The SRA wants solicitors to pay more for regulation.
The regulator has opened a consultation on its draft business plan and budget for 2026/27. It wants £111.5 million in overall funding. That is £25 million more than last year, a 29% rise. For individual solicitors, the SRA share of the practising certificate fee would go from £190 to £240.
That fee is the annual charge solicitors pay to stay on the roll and keep practising. Firms also pay for regulation in less visible ways: compliance staff, insurance, reporting, file reviews, supervision visits and hours spent proving what most decent firms are already trying to do. A £50 rise will not break the profession but it will still irritate a lot of people and especially in a market already asking whether the regulator has been sharp enough when firms get into trouble.
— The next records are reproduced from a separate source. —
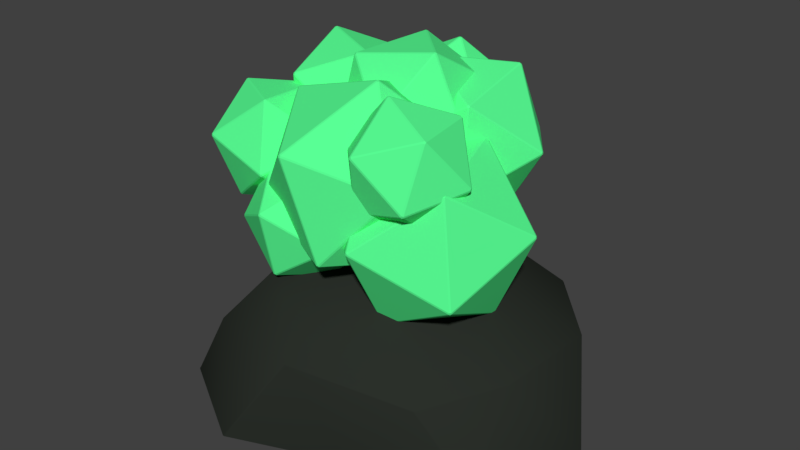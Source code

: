 # Source: Lemergium.blend  (saved by Blender 2.83.18; exported with 4.5.12 LTS)
import bpy
from mathutils import Matrix  # noqa: F401  (used for matrix-valued properties, if any)

bpy.ops.wm.read_factory_settings(use_empty=True)
scene = bpy.context.scene
scene.name = 'Scene'

# ---- collections
col_collection_1 = bpy.data.collections.new('Collection 1'); scene.collection.children.link(col_collection_1)

# ---- materials (node trees are filled in below, after node groups)
mat_lemergium = bpy.data.materials.new('Lemergium')
mat_lemergium.alpha_threshold = 0.0
mat_lemergium.use_transparent_shadow = False
mat_lemergium.diffuse_color = (0.1, 1.0, 0.3, 1.0)
mat_lemergium.roughness = 0.5
mat_rock = bpy.data.materials.new('Rock')
mat_rock.alpha_threshold = 0.0
mat_rock.use_transparent_shadow = False
mat_rock.diffuse_color = (0.02418, 0.02909, 0.02332, 1.0)
mat_rock.roughness = 0.5

# ---- material node trees

# ---- world
world_world = bpy.data.worlds.new('World'); scene.world = world_world
world_world.color = (0.05088, 0.05088, 0.05088)
world_world.use_sun_shadow = False
world_world.sun_shadow_jitter_overblur = 0.0
world_world.cycles.sampling_method = 'MANUAL'

# ---- meshes
me_icosphere_001 = bpy.data.meshes.new('Icosphere.001')
me_icosphere_001.from_pydata([(-0.06348, 0.5503, 0.001944), (-0.08167, 0.417, 0.02813), (0.03458, 0.479, 0.06571), (0.06792, 0.5692, -0.03182), (-0.02774, 0.563, -0.1297), (-0.1202, 0.469, -0.09262), (0.03848, 0.3537, 0.01056), (0.1309, 0.4477, -0.0265), (0.09241, 0.4996, -0.1472), (-0.02384, 0.4377, -0.1848), (-0.05717, 0.3475, -0.0873), (0.07422, 0.3664, -0.1211), (0.1945, 0.4249, 0.1078), (0.02513, 0.443, 0.06809), (0.07522, 0.3222, 0.1842), (0.2269, 0.2544, 0.1296), (0.2706, 0.3333, -0.02029), (0.1459, 0.4499, -0.05829), (-0.04713, 0.2838, 0.06525), (0.07757, 0.1672, 0.1032), (0.1983, 0.174, -0.02313), (0.1482, 0.2949, -0.1392), (-0.00347, 0.3627, -0.08462), (0.02894, 0.1922, -0.06289), (0.07825, 0.5397, 0.09025), (0.007486, 0.455, 0.1023), (0.08383, 0.4751, 0.1803), (0.177, 0.5078, 0.1296), (0.1583, 0.5079, 0.02017), (0.05348, 0.4753, 0.003275), (0.06252, 0.3707, 0.149), (0.1673, 0.4033, 0.1659), (0.2133, 0.4236, 0.06693), (0.1369, 0.4036, -0.01114), (0.04376, 0.3709, 0.03959), (0.1425, 0.3389, 0.07893), (-0.1463, 0.3921, 0.1061), (-0.1846, 0.2866, 0.1419), (-0.09165, 0.3365, 0.1944), (-0.02859, 0.392, 0.1118), (-0.08258, 0.3764, 0.008155), (-0.179, 0.3112, 0.02679), (-0.09053, 0.2212, 0.1698), (0.005891, 0.2864, 0.1512), (0.0115, 0.3111, 0.03603), (-0.08147, 0.2612, -0.01649), (-0.1445, 0.2056, 0.06617), (-0.02679, 0.2055, 0.07189), (-0.08386, 0.5337, -0.05055), (-0.1872, 0.4923, 0.01361), (-0.07842, 0.424, 0.01614), (-0.02428, 0.4312, -0.1002), (-0.09962, 0.504, -0.1746), (-0.2003, 0.5417, -0.1042), (-0.1915, 0.3642, 0.003646), (-0.0908, 0.3265, -0.06668), (-0.1039, 0.376, -0.1845), (-0.2127, 0.4443, -0.1871), (-0.2668, 0.437, -0.07075), (-0.2072, 0.3346, -0.1204), (-0.1594, 0.4797, 0.1048), (-0.2478, 0.4109, 0.143), (-0.1367, 0.3703, 0.1439), (-0.08206, 0.4111, 0.04708), (-0.1595, 0.4769, -0.01358), (-0.2619, 0.4769, 0.04572), (-0.2252, 0.2998, 0.109), (-0.1227, 0.2999, 0.0497), (-0.1368, 0.3658, -0.04762), (-0.248, 0.4065, -0.04846), (-0.3026, 0.3657, 0.04833), (-0.2253, 0.2971, -0.009353), (-0.002679, 0.5432, -0.1873), (-0.134, 0.4801, -0.1705), (-0.03897, 0.4824, -0.05889), (0.0957, 0.4632, -0.1136), (0.08391, 0.449, -0.2591), (-0.05805, 0.4595, -0.2943), (-0.1168, 0.3613, -0.08643), (0.02519, 0.3508, -0.05125), (0.1011, 0.3302, -0.175), (0.006108, 0.3279, -0.2866), (-0.1286, 0.3471, -0.2319), (-0.03018, 0.2671, -0.1582), (0.003998, 0.4284, 0.008964), (-0.08212, 0.4117, -0.1134), (4.738e-05, 0.2961, -0.06286), (0.1311, 0.3506, -0.01263), (0.13, 0.4999, -0.03217), (-0.001828, 0.5376, -0.09447), (-0.008218, 0.3236, -0.2107), (0.1236, 0.2858, -0.1484), (0.2039, 0.4118, -0.1294), (0.1217, 0.5274, -0.18), (-0.009378, 0.4729, -0.2302), (0.1177, 0.3951, -0.2518), (0.02497, 0.3674, 0.0318), (-0.133, 0.444, 0.02765), (-0.1145, 0.2847, 0.09914), (0.002707, 0.1955, 0.003485), (0.05667, 0.2998, -0.1271), (-0.0272, 0.4533, -0.1122), (-0.2529, 0.3194, -0.003232), (-0.169, 0.1659, -0.01817), (-0.06321, 0.1752, -0.158), (-0.08169, 0.3346, -0.2295), (-0.1989, 0.4237, -0.1338), (-0.2212, 0.2518, -0.1622), (0.01681, 0.2899, 0.01518), (-0.06878, 0.1931, -0.02733), (0.06445, 0.167, -0.01844), (0.1318, 0.2788, -0.05664), (0.04025, 0.374, -0.08914), (-0.08374, 0.321, -0.07103), (-0.006656, 0.1221, -0.1254), (0.1173, 0.1751, -0.1435), (0.1024, 0.3031, -0.1872), (-0.03086, 0.3292, -0.1961), (-0.09825, 0.2174, -0.1579), (0.01678, 0.2063, -0.2297), (-0.03619, 0.4514, 0.1997), (0.01666, 0.279, 0.1821), (0.132, 0.4134, 0.1439), (0.03827, 0.5468, 0.06487), (-0.135, 0.4948, 0.05413), (-0.1483, 0.3293, 0.1266), (0.1238, 0.2679, 0.03637), (0.1371, 0.4334, -0.03607), (-0.02784, 0.4837, -0.09158), (-0.1432, 0.3492, -0.05344), (-0.04945, 0.2158, 0.02563), (0.02501, 0.3113, -0.1092), (0.2114, 0.1137, 0.1922), (-0.1715, 0.1307, 0.2144), (-0.2649, 0.1299, -0.08586), (0.02616, 0.1184, -0.226), (0.3005, 0.1279, -0.1235), (0.03527, 0.275, -0.007814), (0.367, -0.02016, -0.03416), (0.2436, -0.02016, -0.1654), (0.1042, -0.02016, 0.2184), (0.2917, -0.02016, 0.1527), (-0.2696, -0.02016, 0.1938), (-0.09547, -0.02016, 0.2969), (-0.2654, -0.02016, -0.1777), (-0.3345, -0.02016, 0.01254), (0.128, -0.02016, -0.3186), (-0.08879, -0.02016, -0.3041), (0.2931, 0.1313, 0.06902), (0.01383, 0.1441, 0.2574), (-0.1823, 0.1413, 0.0791), (-0.1642, 0.1476, -0.1978), (0.2022, 0.1462, -0.2222), (0.1046, 0.2115, 0.07396), (0.1477, 0.2109, -0.04465), (-0.1088, 0.2248, 0.1337), (-0.1167, 0.1993, -0.04854), (0.01899, 0.2366, -0.1779)], [], [(0, 1, 2), (1, 0, 5), (0, 2, 3), (0, 3, 4), (0, 4, 5), (1, 5, 10), (2, 1, 6), (3, 2, 7), (4, 3, 8), (5, 4, 9), (1, 10, 6), (2, 6, 7), (3, 7, 8), (4, 8, 9), (5, 9, 10), (6, 10, 11), (7, 6, 11), (8, 7, 11), (9, 8, 11), (10, 9, 11), (12, 13, 14), (13, 12, 17), (12, 14, 15), (12, 15, 16), (12, 16, 17), (13, 17, 22), (14, 13, 18), (15, 14, 19), (16, 15, 20), (17, 16, 21), (13, 22, 18), (14, 18, 19), (15, 19, 20), (16, 20, 21), (17, 21, 22), (18, 22, 23), (19, 18, 23), (20, 19, 23), (21, 20, 23), (22, 21, 23), (24, 25, 26), (25, 24, 29), (24, 26, 27), (24, 27, 28), (24, 28, 29), (25, 29, 34), (26, 25, 30), (27, 26, 31), (28, 27, 32), (29, 28, 33), (25, 34, 30), (26, 30, 31), (27, 31, 32), (28, 32, 33), (29, 33, 34), (30, 34, 35), (31, 30, 35), (32, 31, 35), (33, 32, 35), (34, 33, 35), (36, 37, 38), (37, 36, 41), (36, 38, 39), (36, 39, 40), (36, 40, 41), (37, 41, 46), (38, 37, 42), (39, 38, 43), (40, 39, 44), (41, 40, 45), (37, 46, 42), (38, 42, 43), (39, 43, 44), (40, 44, 45), (41, 45, 46), (42, 46, 47), (43, 42, 47), (44, 43, 47), (45, 44, 47), (46, 45, 47), (48, 49, 50), (49, 48, 53), (48, 50, 51), (48, 51, 52), (48, 52, 53), (49, 53, 58), (50, 49, 54), (51, 50, 55), (52, 51, 56), (53, 52, 57), (49, 58, 54), (50, 54, 55), (51, 55, 56), (52, 56, 57), (53, 57, 58), (54, 58, 59), (55, 54, 59), (56, 55, 59), (57, 56, 59), (58, 57, 59), (60, 61, 62), (61, 60, 65), (60, 62, 63), (60, 63, 64), (60, 64, 65), (61, 65, 70), (62, 61, 66), (63, 62, 67), (64, 63, 68), (65, 64, 69), (61, 70, 66), (62, 66, 67), (63, 67, 68), (64, 68, 69), (65, 69, 70), (66, 70, 71), (67, 66, 71), (68, 67, 71), (69, 68, 71), (70, 69, 71), (72, 73, 74), (73, 72, 77), (72, 74, 75), (72, 75, 76), (72, 76, 77), (73, 77, 82), (74, 73, 78), (75, 74, 79), (76, 75, 80), (77, 76, 81), (73, 82, 78), (74, 78, 79), (75, 79, 80), (76, 80, 81), (77, 81, 82), (78, 82, 83), (79, 78, 83), (80, 79, 83), (81, 80, 83), (82, 81, 83), (84, 85, 86), (85, 84, 89), (84, 86, 87), (84, 87, 88), (84, 88, 89), (85, 89, 94), (86, 85, 90), (87, 86, 91), (88, 87, 92), (89, 88, 93), (85, 94, 90), (86, 90, 91), (87, 91, 92), (88, 92, 93), (89, 93, 94), (90, 94, 95), (91, 90, 95), (92, 91, 95), (93, 92, 95), (94, 93, 95), (96, 97, 98), (97, 96, 101), (96, 98, 99), (96, 99, 100), (96, 100, 101), (97, 101, 106), (98, 97, 102), (99, 98, 103), (100, 99, 104), (101, 100, 105), (97, 106, 102), (98, 102, 103), (99, 103, 104), (100, 104, 105), (101, 105, 106), (102, 106, 107), (103, 102, 107), (104, 103, 107), (105, 104, 107), (106, 105, 107), (108, 109, 110), (109, 108, 113), (108, 110, 111), (108, 111, 112), (108, 112, 113), (109, 113, 118), (110, 109, 114), (111, 110, 115), (112, 111, 116), (113, 112, 117), (109, 118, 114), (110, 114, 115), (111, 115, 116), (112, 116, 117), (113, 117, 118), (114, 118, 119), (115, 114, 119), (116, 115, 119), (117, 116, 119), (118, 117, 119), (120, 121, 122), (121, 120, 125), (120, 122, 123), (120, 123, 124), (120, 124, 125), (121, 125, 130), (122, 121, 126), (123, 122, 127), (124, 123, 128), (125, 124, 129), (121, 130, 126), (122, 126, 127), (123, 127, 128), (124, 128, 129), (125, 129, 130), (126, 130, 131), (127, 126, 131), (128, 127, 131), (129, 128, 131), (130, 129, 131), (132, 148, 153), (133, 149, 155), (134, 150, 156), (135, 151, 157), (136, 152, 154), (154, 157, 137), (154, 152, 157), (152, 135, 157), (157, 156, 137), (157, 151, 156), (151, 134, 156), (156, 155, 137), (156, 150, 155), (150, 133, 155), (155, 153, 137), (155, 149, 153), (149, 132, 153), (153, 154, 137), (153, 148, 154), (148, 136, 154), (139, 152, 136), (139, 146, 152), (146, 135, 152), (147, 151, 135), (147, 144, 151), (144, 134, 151), (145, 150, 134), (145, 142, 150), (142, 133, 150), (143, 149, 133), (143, 140, 149), (140, 132, 149), (141, 148, 132), (141, 138, 148), (138, 136, 148), (146, 147, 135), (144, 145, 134), (142, 143, 133), (140, 141, 132), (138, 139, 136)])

The SRA presents the increase as a reset. It says the extra money is needed for people, systems, transformation work and restoring confidence. See for example our article on the SRA’s plans to expand it’s Operative Leadership Team here. The regulator has faced heavy criticism after firm collapses and client money failures and asking solicitors to fund reform after those failures was never going to be an easy sell. It has the feel of being charged for repairs to a building someone else drove into!
The compensation fund is contributing to the pressure. The SRA says the sudden closure of PM Law in February 2026 has caused a sharp rise in claims, with applications above £20 million by April. The fund pays clients who lose money through dishonesty or failure by regulated firms. It is vital to public trust, but it is paid for by the profession. Good firms and solicitors end up carrying the cost of the worst failures.
The proposal has also brought the client account in to question. Law firms have long held client money because transactions often need it but it can also create serious risk when controls are weak. Recent collapses of firms with client monies on account have made the problem harder to ignore. If the SRA spends more without reducing the danger around client money, firms will ask whether they are buying reform or just a bigger version of the same system.
A regulator with poor data, old systems and stretched supervision will not protect the public well. The question is whether this money will produce faster, sharper regulation, or simply more process.
Solicitors may accept paying more for stronger regulation but they will be less forgiving if the bill goes up with little to show for it.